Old tree! the storm still brave!

And, woodman, leave the spot;

While I’ve a hand to save,

Thy axe shall harm it not.

Writ George Pope Morris, oncet

 

Ah, but George, he is no woodman. Rather a metalman.

 

Metal generates water and controls wood

Wood generates fire and controls earth

Earth generates metal, and controls water

Water generates wood and controls fire

Fire generates earth and controls metal

Which generates water…

 

Wherefore, ye who wouldst bring metal to wood, beware

 

WorkersSearch.bwc

 

The paper of record. For what is record, in this case but wretched: insult to injury – to intelligence, to language, to humanity and all things sentient and alive:

Headline: do the workers also search for victims amid the non-pockets?

¶ 2: “inferno”? As in Hell?

¶ 3: “A police officer lead [?!] a dog around the edge of the piles.” True, the past is never simple. Or past.

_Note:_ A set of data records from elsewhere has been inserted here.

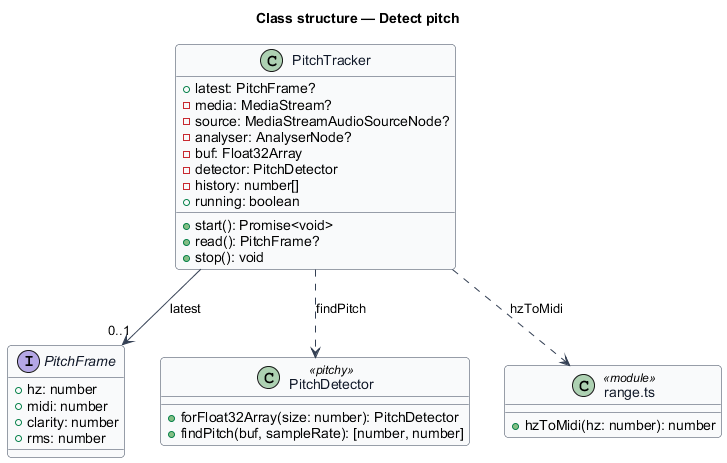

The diagram above was rendered by PlantUML. Its source (embedded in the PNG):
@startuml
' --- shared skin header ---
skinparam backgroundColor #FFFFFF
skinparam shadowing false
skinparam roundcorner 8
skinparam defaultFontName Arial
skinparam ArrowColor #344054
skinparam class {
  BorderColor #344054
  FontColor #101828
  BackgroundColor #F9FAFB
}
' --------------------------
title Class structure — Detect pitch

class PitchTracker {
  +latest: PitchFrame?
  -media: MediaStream?
  -source: MediaStreamAudioSourceNode?
  -analyser: AnalyserNode?
  -buf: Float32Array
  -detector: PitchDetector
  -history: number[]
  +running: boolean
  +start(): Promise<void>
  +read(): PitchFrame?
  +stop(): void
}

interface PitchFrame {
  +hz: number
  +midi: number
  +clarity: number
  +rms: number
}

class "PitchDetector" as Detector <<pitchy>> {
  +forFloat32Array(size: number): PitchDetector
  +findPitch(buf, sampleRate): [number, number]
}

class "range.ts" as RangeMod <<module>> {
  +hzToMidi(hz: number): number
}

PitchTracker --> "0..1" PitchFrame : latest
PitchTracker ..> Detector : findPitch
PitchTracker ..> RangeMod : hzToMidi
@enduml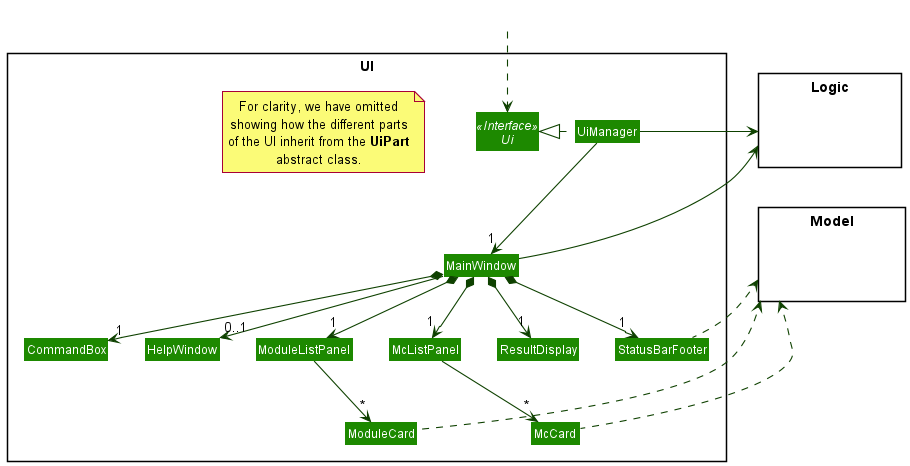

The diagram above was rendered by PlantUML. Its source (embedded in the PNG):
@startuml
!include style.puml
skinparam arrowThickness 1.1
skinparam arrowColor UI_COLOR_T4
skinparam classBackgroundColor UI_COLOR

package UI <<Rectangle>>{
Interface Ui <<Interface>>
Class UiManager
Class MainWindow
Class HelpWindow
Class ResultDisplay
Class ModuleListPanel
Class ModuleCard
Class StatusBarFooter
Class CommandBox
Class McListPanel
Class McCard
note "For clarity, we have omitted\nshowing how the different parts\nof the UI inherit from the **UiPart**\nabstract class." as Note
}


package Model <<Rectangle>> {
Class HiddenModel #FFFFFF
}

package Logic <<Rectangle>> {
Class HiddenLogic #FFFFFF
}

Class HiddenOutside #FFFFFF
HiddenOutside ..> Ui

UiManager .left.|> Ui
UiManager -down-> "1" MainWindow
MainWindow *-down->  "1" CommandBox
MainWindow *-down-> "1" ResultDisplay
MainWindow *-down-> "1" ModuleListPanel
MainWindow *-down-> "1" StatusBarFooter
MainWindow --> "0..1" HelpWindow
MainWindow *-down-> "1" McListPanel

ModuleListPanel -down-> "*" ModuleCard

McListPanel -down-> "*" McCard

ModuleCard ..up> Model
McCard ..up> Model
StatusBarFooter ..up> Model
UiManager -left-> Logic
MainWindow -left-> Logic

ModuleListPanel -[hidden]left- HelpWindow
HelpWindow -[hidden]left- CommandBox
CommandBox -[hidden]left- ResultDisplay
ResultDisplay -[hidden]left- StatusBarFooter

@enduml

¶ 4: “…crane teeth on brick…” At last report neither cranes nor cranes possessed teeth, though the hook end of a crane arm may be fitted with a toothed excavator bucket. “…And a police helicopter pounded the air.”

¶ 7: “City officials said the likelihood of finding survivors diminished with each hour.” Or as they say in BK: No shit, Sherlock.

            And the prose spirals upward and outward, like but not like a toxic dust devil: pounding and compounding in the widening gyre, while below in the ninth circle’s depths sit the “lady’s” gray eminences, like and not like the fates, ever selecting, naturally or no, the survival of the fittest to print.

 

Kilgore: Smell that? You smell that?

Lance: What?

Kilgore: Napalm, son. Nothing else in the world smells like that.

[kneels]

[John Milius]

 

The well-strung soul

 

Food was flyin’ everywhere

I left without my hat.

[Zimmerman]

 

There is no middle age, just as there is no middle class. Only pivots.

And my lands, what a lot of energy it takes to see the world as linear.

But as James Osterberg once sang: That’s just hypnotizing chickens.